▶ **Work item**
Copy the data exactly from the line that contains "for s, insert, width" through the line that contains "for base, p1, p2, override, picture, middle", keeping both end lines and leaving out everything else.

▶ **Information supplied**
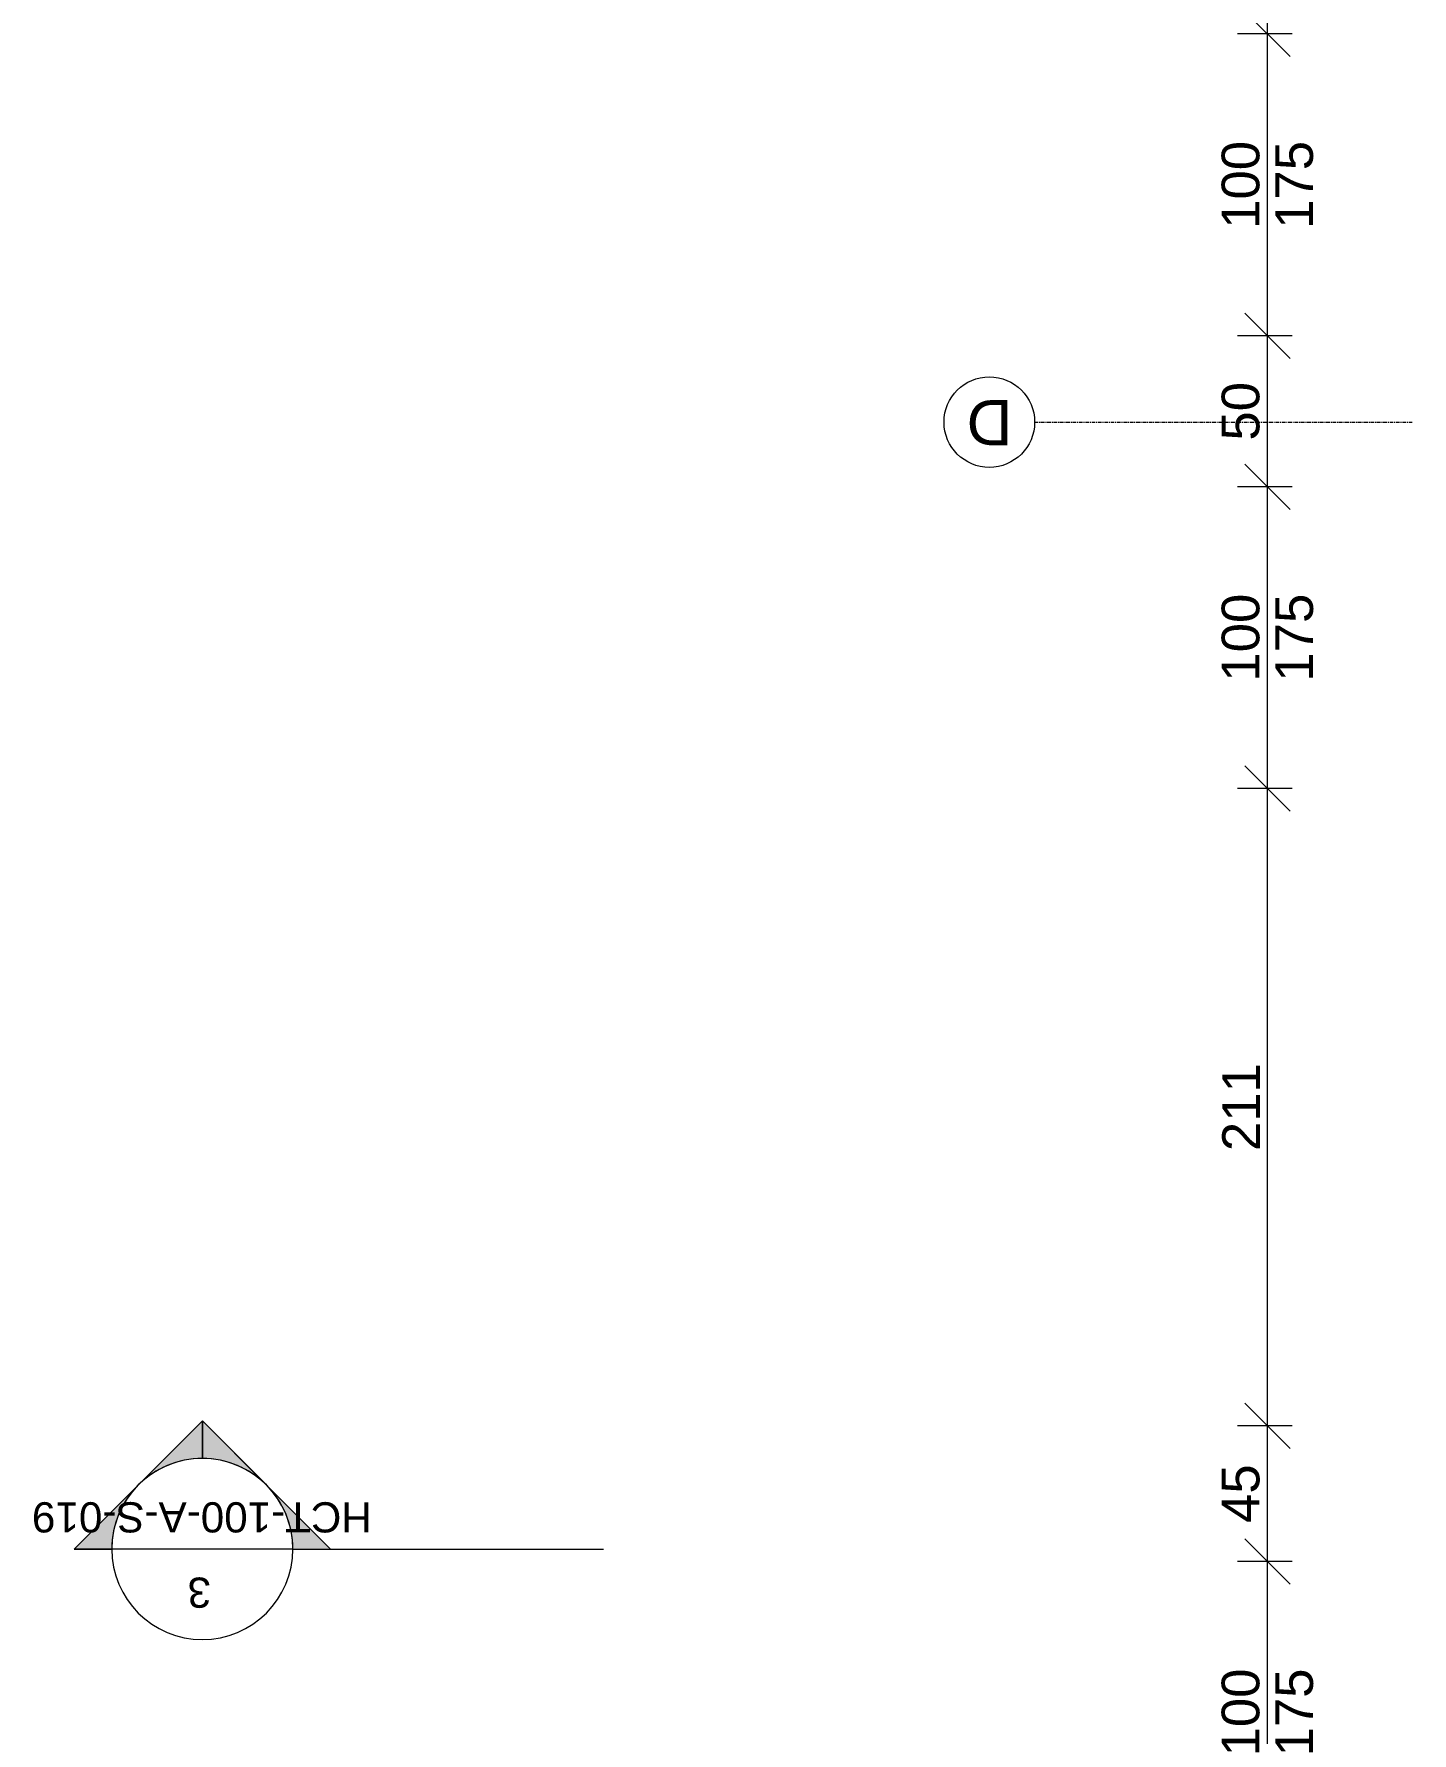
# Model space of a CAD drawing. Header units: centimetres. Extents: x -5566 to 5867, y -120 to 4683.
# Drawn here: x -5566 to -5110, y 1359 to 1922 of the extents above; entities that cross this region are included whole.
import ezdxf

# ---------------------------------------------------------------- set-up
doc = ezdxf.new("R2010")
doc.units = ezdxf.units.CM
doc.linetypes.add('Grid Line', pattern=[2.1, 1.2, -0.3, 0.3, -0.3])
for name, color, linetype, lineweight in [('A-ANNO-DIMS', 211, 'Continuous', 5), ('G-ANNO-SYMB', 111, 'Continuous', 5), ('S-GRID', 1, 'Continuous', 5), ('S-GRID-IDEN', 1, 'Continuous', 5)]:
    doc.layers.add(name, color=color, linetype=linetype, lineweight=lineweight)
doc.styles.add('Arial', font='arial.ttf', dxfattribs={"height": 12.5})
doc.styles.add('Arial_1', font='arial.ttf', dxfattribs={"height": 15})
doc.styles.add('Arial_2', font='arial.ttf', dxfattribs={"height": 10})
doc.dimstyles.new('200_100_2_5mm_Arial_cm___OpenHeight', dxfattribs={"dimscale": 30.48, "dimtxt": 12.753242, "dimasz": 0.492126, "dimexe": 0.328084, "dimexo": 0.0625, "dimgap": 0.082021, "dimtad": 1, "dimdec": 0, "dimzin": 0, "dimdsep": 46, "dimtxsty": 'Arial', "dimblk1": 'OBLIQUE', "dimblk2": 'OBLIQUE', "dimsah": 1, "dimcen": 0.09, "dimdle": 0.328084, "dimazin": 0, "dimtfac": 1, "dimtdec": 4, "dimtix": 1, "dimtmove": 0, "dimatfit": 3, "dimfxl": 0.328084, "dimfxlon": 1, "dimtvp": 1, "dimtolj": 1, "dimtzin": 0, "dimlwd": 18, "dimlwe": 18, "dimarcsym": 2})

# ---------------------------------------------------------------- blocks, each defined once
blk = doc.blocks.new('Grid - AR_Grid Head - Circle_3mm-767080-Level _9_00')
at = {"layer": 'S-GRID-IDEN'}
blk.add_circle((0, 0), 0.3, dxfattribs=at)
blk = doc.blocks.new('Section - M_Section Head - Filled-24181-Level _9_00')
at = {"layer": 'G-ANNO-SYMB'}
h = blk.add_hatch(color=256, dxfattribs=at)
edge = h.paths.add_edge_path(flags=0)
edge.add_line((-0.6, 0.849), (-0.6, 0.6))
edge.add_arc((-0.6, 0), 0.6, 90, 135)
edge.add_line((-1.024, 0.424), (-0.6, 0.849))
h = blk.add_hatch(color=256, dxfattribs=at)
edge = h.paths.add_edge_path(flags=0)
edge.add_line((-0.6, 0.849), (-0.176, 0.424))
edge.add_arc((-0.6, 0), 0.6, 45, 90)
edge.add_line((-0.6, 0.6), (-0.6, 0.849))
h = blk.add_hatch(color=256, dxfattribs=at)
edge = h.paths.add_edge_path(flags=0)
edge.add_line((-1.449, 0), (-1.024, 0.424))
edge.add_arc((-0.6, 0), 0.6, 135, 180)
edge.add_line((-1.2, 0), (-1.449, 0))
h = blk.add_hatch(color=256, dxfattribs=at)
edge = h.paths.add_edge_path(flags=0)
edge.add_line((0.249, 0), (0, 0))
edge.add_arc((-0.6, 0), 0.6, 0, 45)
edge.add_line((-0.176, 0.424), (0.249, 0))
at = {"layer": 'G-ANNO-SYMB', "lineweight": 13}
for p, q in [((-0.6, 0.849), (-1.449, 0)), ((-0.6, 0.849), (-1.024, 0.424)), ((-0.6, 0.849), (0.249, 0)), ((-0.6, 0.6), (-0.6, 0.849)), ((-0.6, 0.849), (-0.6, 0.6)), ((-0.176, 0.424), (-0.6, 0.849)), ((-1.024, 0.424), (-1.449, 0)), ((0.249, 0), (-0.176, 0.424)), ((-1.2, 0), (-1.449, 0)), ((-1.449, 0), (-1.2, 0)), ((0, 0), (0.249, 0)), ((0, 0), (0.249, 0))]:
    blk.add_line(p, q, dxfattribs=at)
for start, end in [(0, 180), (90, 135), (45, 90), (135, 180), (0, 45), (180, 360)]:
    blk.add_arc((-0.6, 0), 0.6, start, end, dxfattribs=at)
blk = doc.blocks.new('_Oblique')
at = {"color": 0, "linetype": 'ByBlock', "lineweight": -2}
blk.add_line((-0.5, -0.5), (0.5, 0.5), dxfattribs=at)
blk = doc.blocks.new('DIMBLOCK193-Level _9_00')
at = {"layer": 'A-ANNO-DIMS', "color": 0, "lineweight": 18, "transparency": 16777216}
for p, q in [((-5157.84, 1305.49), (-5157.84, 1425.49)), ((-5149.74, 1415.49), (-5167.84, 1415.49)), ((-5149.74, 1315.49), (-5167.84, 1315.49))]:
    blk.add_line(p, q, dxfattribs=at)
at = {"layer": 'Defpoints', "color": 0, "transparency": 16777216}
for p in [(-5157.84, 1415.49), (-5147.84, 1415.49), (-5147.84, 1315.49)]:
    blk.add_point(p, dxfattribs=at)
at = {"layer": 'A-ANNO-DIMS', "color": 0, "lineweight": 18, "transparency": 16777216, "xscale": 15, "yscale": 15, "zscale": 15}
for p, rotation in [((-5157.84, 1415.49), 90), ((-5157.84, 1315.49), 270)]:
    blk.add_blockref('_Oblique', p, dxfattribs=dict(at, rotation=rotation))
at = {"layer": 'A-ANNO-DIMS', "color": 0, "lineweight": 18, "transparency": 16777216, "char_height": 12.5, "width": 34.6103, "attachment_point": 5, "rotation": 90, "style": 'Arial'}
for s, insert in [('\\A1;100', (-5166.72, 1365.49)), ('\\A1;175', (-5148.96, 1365.49))]:
    blk.add_mtext(s, dxfattribs=dict(at, insert=insert))
blk = doc.blocks.new('DIMBLOCK194-Level _9_00')
at = {"layer": 'A-ANNO-DIMS', "color": 0, "lineweight": 18, "transparency": 16777216}
for p, q in [((-5157.84, 1405.49), (-5157.84, 1470.49)), ((-5149.74, 1460.49), (-5167.84, 1460.49)), ((-5149.74, 1415.49), (-5167.84, 1415.49))]:
    blk.add_line(p, q, dxfattribs=at)
at = {"layer": 'Defpoints', "color": 0, "transparency": 16777216}
for p in [(-5157.84, 1460.49), (-5147.84, 1460.49), (-5147.84, 1415.49)]:
    blk.add_point(p, dxfattribs=at)
at = {"layer": 'A-ANNO-DIMS', "color": 0, "lineweight": 18, "transparency": 16777216, "xscale": 15, "yscale": 15, "zscale": 15}
for p, rotation in [((-5157.84, 1460.49), 90), ((-5157.84, 1415.49), 270)]:
    blk.add_blockref('_Oblique', p, dxfattribs=dict(at, rotation=rotation))
at = {"layer": 'A-ANNO-DIMS', "color": 0, "lineweight": 18, "transparency": 16777216, "insert": (-5166.7, 1437.99), "char_height": 12.5, "width": 23.0736, "attachment_point": 5, "rotation": 90, "style": 'Arial'}
blk.add_mtext('\\A1;45', dxfattribs=at)
blk = doc.blocks.new('DIMBLOCK195-Level _9_00')
at = {"layer": 'A-ANNO-DIMS', "color": 0, "lineweight": 18, "transparency": 16777216}
for p, q in [((-5157.84, 1450.49), (-5157.84, 1681.58)), ((-5149.74, 1671.58), (-5167.84, 1671.58)), ((-5149.74, 1460.49), (-5167.84, 1460.49))]:
    blk.add_line(p, q, dxfattribs=at)
at = {"layer": 'Defpoints', "color": 0, "transparency": 16777216}
for p in [(-5157.84, 1671.58), (-5147.84, 1671.58), (-5147.84, 1460.49)]:
    blk.add_point(p, dxfattribs=at)
at = {"layer": 'A-ANNO-DIMS', "color": 0, "lineweight": 18, "transparency": 16777216, "xscale": 15, "yscale": 15, "zscale": 15}
for p, rotation in [((-5157.84, 1671.58), 90), ((-5157.84, 1460.49), 270)]:
    blk.add_blockref('_Oblique', p, dxfattribs=dict(at, rotation=rotation))
at = {"layer": 'A-ANNO-DIMS', "color": 0, "lineweight": 18, "transparency": 16777216, "insert": (-5166.61, 1566.03), "char_height": 12.5, "width": 34.6103, "attachment_point": 5, "rotation": 90, "style": 'Arial'}
blk.add_mtext('\\A1;211', dxfattribs=at)
blk = doc.blocks.new('DIMBLOCK196-Level _9_00')
at = {"layer": 'A-ANNO-DIMS', "color": 0, "lineweight": 18, "transparency": 16777216}
for p, q in [((-5157.84, 1661.58), (-5157.84, 1781.58)), ((-5149.74, 1771.58), (-5167.84, 1771.58)), ((-5149.74, 1671.58), (-5167.84, 1671.58))]:
    blk.add_line(p, q, dxfattribs=at)
at = {"layer": 'Defpoints', "color": 0, "transparency": 16777216}
for p in [(-5157.84, 1771.58), (-5147.84, 1771.58), (-5147.84, 1671.58)]:
    blk.add_point(p, dxfattribs=at)
at = {"layer": 'A-ANNO-DIMS', "color": 0, "lineweight": 18, "transparency": 16777216, "xscale": 15, "yscale": 15, "zscale": 15}
for p, rotation in [((-5157.84, 1771.58), 90), ((-5157.84, 1671.58), 270)]:
    blk.add_blockref('_Oblique', p, dxfattribs=dict(at, rotation=rotation))
at = {"layer": 'A-ANNO-DIMS', "color": 0, "lineweight": 18, "transparency": 16777216, "char_height": 12.5, "width": 34.6103, "attachment_point": 5, "rotation": 90, "style": 'Arial'}
for s, insert in [('\\A1;100', (-5166.72, 1721.58)), ('\\A1;175', (-5148.96, 1721.58))]:
    blk.add_mtext(s, dxfattribs=dict(at, insert=insert))
blk = doc.blocks.new('DIMBLOCK197-Level _9_00')
at = {"layer": 'A-ANNO-DIMS', "color": 0, "lineweight": 18, "transparency": 16777216}
for p, q in [((-5157.84, 1761.58), (-5157.84, 1831.58)), ((-5149.74, 1821.58), (-5167.84, 1821.58)), ((-5149.74, 1771.58), (-5167.84, 1771.58))]:
    blk.add_line(p, q, dxfattribs=at)
at = {"layer": 'Defpoints', "color": 0, "transparency": 16777216}
for p in [(-5157.84, 1821.58), (-5147.84, 1821.58), (-5147.84, 1771.58)]:
    blk.add_point(p, dxfattribs=at)
at = {"layer": 'A-ANNO-DIMS', "color": 0, "lineweight": 18, "transparency": 16777216, "xscale": 15, "yscale": 15, "zscale": 15}
for p, rotation in [((-5157.84, 1821.58), 90), ((-5157.84, 1771.58), 270)]:
    blk.add_blockref('_Oblique', p, dxfattribs=dict(at, rotation=rotation))
at = {"layer": 'A-ANNO-DIMS', "color": 0, "lineweight": 18, "transparency": 16777216, "insert": (-5166.72, 1796.58), "char_height": 12.5, "width": 23.0736, "attachment_point": 5, "rotation": 90, "style": 'Arial'}
blk.add_mtext('\\A1;50', dxfattribs=at)
blk = doc.blocks.new('DIMBLOCK198-Level _9_00')
at = {"layer": 'A-ANNO-DIMS', "color": 0, "lineweight": 18, "transparency": 16777216}
for p, q in [((-5157.84, 1811.58), (-5157.84, 1931.58)), ((-5149.74, 1921.58), (-5167.84, 1921.58)), ((-5149.74, 1821.58), (-5167.84, 1821.58))]:
    blk.add_line(p, q, dxfattribs=at)
at = {"layer": 'Defpoints', "color": 0, "transparency": 16777216}
for p in [(-5157.84, 1921.58), (-5147.84, 1921.58), (-5147.84, 1821.58)]:
    blk.add_point(p, dxfattribs=at)
at = {"layer": 'A-ANNO-DIMS', "color": 0, "lineweight": 18, "transparency": 16777216, "xscale": 15, "yscale": 15, "zscale": 15}
for p, rotation in [((-5157.84, 1921.58), 90), ((-5157.84, 1821.58), 270)]:
    blk.add_blockref('_Oblique', p, dxfattribs=dict(at, rotation=rotation))
at = {"layer": 'A-ANNO-DIMS', "color": 0, "lineweight": 18, "transparency": 16777216, "char_height": 12.5, "width": 34.6103, "attachment_point": 5, "rotation": 90, "style": 'Arial'}
for s, insert in [('\\A1;100', (-5166.72, 1871.58)), ('\\A1;175', (-5148.96, 1871.58))]:
    blk.add_mtext(s, dxfattribs=dict(at, insert=insert))
blk = doc.blocks.new('DIMBLOCK199-Level _9_00')
at = {"layer": 'A-ANNO-DIMS', "color": 0, "lineweight": 18, "transparency": 16777216}
for p, q in [((-5157.84, 1911.58), (-5157.84, 1981.58)), ((-5149.74, 1971.58), (-5167.84, 1971.58)), ((-5149.74, 1921.58), (-5167.84, 1921.58))]:
    blk.add_line(p, q, dxfattribs=at)
at = {"layer": 'Defpoints', "color": 0, "transparency": 16777216}
for p in [(-5157.84, 1971.58), (-5147.84, 1971.58), (-5147.84, 1921.58)]:
    blk.add_point(p, dxfattribs=at)
at = {"layer": 'A-ANNO-DIMS', "color": 0, "lineweight": 18, "transparency": 16777216, "xscale": 15, "yscale": 15, "zscale": 15}
for p, rotation in [((-5157.84, 1971.58), 90), ((-5157.84, 1921.58), 270)]:
    blk.add_blockref('_Oblique', p, dxfattribs=dict(at, rotation=rotation))
at = {"layer": 'A-ANNO-DIMS', "color": 0, "lineweight": 18, "transparency": 16777216, "insert": (-5166.72, 1946.58), "char_height": 12.5, "width": 23.0736, "attachment_point": 5, "rotation": 90, "style": 'Arial'}
blk.add_mtext('\\A1;50', dxfattribs=at)

msp = doc.modelspace()

# ---------------------------------------------------------------- linework, layer by layer
at = {"layer": 'G-ANNO-SYMB', "lineweight": 13}
msp.add_line((-5480.67, 1419.65), (-5540.67, 1419.65), dxfattribs=at)
at = {"layer": 'G-ANNO-SYMB'}
msp.add_line((-5480.67, 1419.65), (-5377.78, 1419.65), dxfattribs=at)
at = {"layer": 'S-GRID', "linetype": 'Grid Line'}
msp.add_line((-5235, 1792.99), (-5110, 1792.99), dxfattribs=at)

# ---------------------------------------------------------------- block references
at = {"layer": 'G-ANNO-SYMB', "lineweight": 13, "xscale": 49.99999999999998, "yscale": 49.99999999999998, "zscale": 49.99999999999998}
msp.add_blockref('Section - M_Section Head - Filled-24181-Level _9_00', (-5480.67, 1419.65), dxfattribs=at)
at = {"layer": 'S-GRID-IDEN', "xscale": 49.99999999999998, "yscale": 49.99999999999998, "zscale": 49.99999999999998, "rotation": 270}
msp.add_blockref('Grid - AR_Grid Head - Circle_3mm-767080-Level _9_00', (-5250, 1792.99), dxfattribs=at)

# ---------------------------------------------------------------- texts
at = {"layer": 'G-ANNO-SYMB', "char_height": 10, "attachment_point": 1, "rotation": 180, "style": 'Arial_2'}
for s, insert, width in [('HCT-100-A-S-019', (-5454.53, 1425.15), 138.6919), ('3', (-5507.78, 1400.2), 9.6202)]:
    msp.add_mtext(s, dxfattribs=dict(at, insert=insert, width=width))
at = {"layer": 'S-GRID-IDEN', "insert": (-5242.35, 1785.28), "char_height": 15, "width": 18.4388, "attachment_point": 1, "rotation": 180, "style": 'Arial_1'}
msp.add_mtext('D', dxfattribs=at)

# ---------------------------------------------------------------- dimensions: what is measured, and where the dimension line sits
at = {"layer": 'A-ANNO-DIMS', "lineweight": 18}
for base, p1, p2, override, picture, middle in [((-5157.84, 1971.58), (-5147.84, 1921.58), (-5147.84, 1971.58), {"dimpost": '<>', "dimfxl": 50}, 'DIMBLOCK199-Level _9_00', (-5166.72, 1946.58)), ((-5157.84, 1821.58), (-5147.84, 1771.58), (-5147.84, 1821.58), {"dimpost": '<>', "dimfxl": 50}, 'DIMBLOCK197-Level _9_00', (-5166.72, 1796.58)), ((-5157.84, 1671.58), (-5147.84, 1460.49), (-5147.84, 1671.58), {"dimpost": '<>', "dimfxl": 211.086155}, 'DIMBLOCK195-Level _9_00', (-5166.61, 1566.03)), ((-5157.84, 1460.49), (-5147.84, 1415.49), (-5147.84, 1460.49), {"dimpost": '<>', "dimfxl": 45}, 'DIMBLOCK194-Level _9_00', (-5166.7, 1437.99))]:
    dim = msp.add_linear_dim(base=base, p1=p1, p2=p2, angle=270, dimstyle='200_100_2_5mm_Arial_cm___OpenHeight', override=override, dxfattribs=at)
    dim.commit()
    dim.dimension.update_dxf_attribs({"geometry": picture, "text_midpoint": middle})
for base, p1, p2, picture, middle in [((-5157.84, 1921.58), (-5147.84, 1821.58), (-5147.84, 1921.58), 'DIMBLOCK198-Level _9_00', (-5157.84, 1871.58)), ((-5157.84, 1771.58), (-5147.84, 1671.58), (-5147.84, 1771.58), 'DIMBLOCK196-Level _9_00', (-5157.84, 1721.58)), ((-5157.84, 1415.49), (-5147.84, 1315.49), (-5147.84, 1415.49), 'DIMBLOCK193-Level _9_00', (-5157.84, 1365.49))]:
    dim = msp.add_linear_dim(base=base, p1=p1, p2=p2, angle=270, text='<>\\X175', dimstyle='200_100_2_5mm_Arial_cm___OpenHeight', override={"dimpost": '<>', "dimfxl": 100}, dxfattribs=at)
    dim.commit()
    dim.dimension.update_dxf_attribs({"geometry": picture, "text_midpoint": middle})

doc.saveas('drawing.dxf')

▶ **Answer below**
for s, insert, width in [('HCT-100-A-S-019', (-5454.53, 1425.15), 138.6919), ('3', (-5507.78, 1400.2), 9.6202)]:
    msp.add_mtext(s, dxfattribs=dict(at, insert=insert, width=width))
at = {"layer": 'S-GRID-IDEN', "insert": (-5242.35, 1785.28), "char_height": 15, "width": 18.4388, "attachment_point": 1, "rotation": 180, "style": 'Arial_1'}
msp.add_mtext('D', dxfattribs=at)

# ---------------------------------------------------------------- dimensions: what is measured, and where the dimension line sits
at = {"layer": 'A-ANNO-DIMS', "lineweight": 18}
for base, p1, p2, override, picture, middle in [((-5157.84, 1971.58), (-5147.84, 1921.58), (-5147.84, 1971.58), {"dimpost": '<>', "dimfxl": 50}, 'DIMBLOCK199-Level _9_00', (-5166.72, 1946.58)), ((-5157.84, 1821.58), (-5147.84, 1771.58), (-5147.84, 1821.58), {"dimpost": '<>', "dimfxl": 50}, 'DIMBLOCK197-Level _9_00', (-5166.72, 1796.58)), ((-5157.84, 1671.58), (-5147.84, 1460.49), (-5147.84, 1671.58), {"dimpost": '<>', "dimfxl": 211.086155}, 'DIMBLOCK195-Level _9_00', (-5166.61, 1566.03)), ((-5157.84, 1460.49), (-5147.84, 1415.49), (-5147.84, 1460.49), {"dimpost": '<>', "dimfxl": 45}, 'DIMBLOCK194-Level _9_00', (-5166.7, 1437.99))]:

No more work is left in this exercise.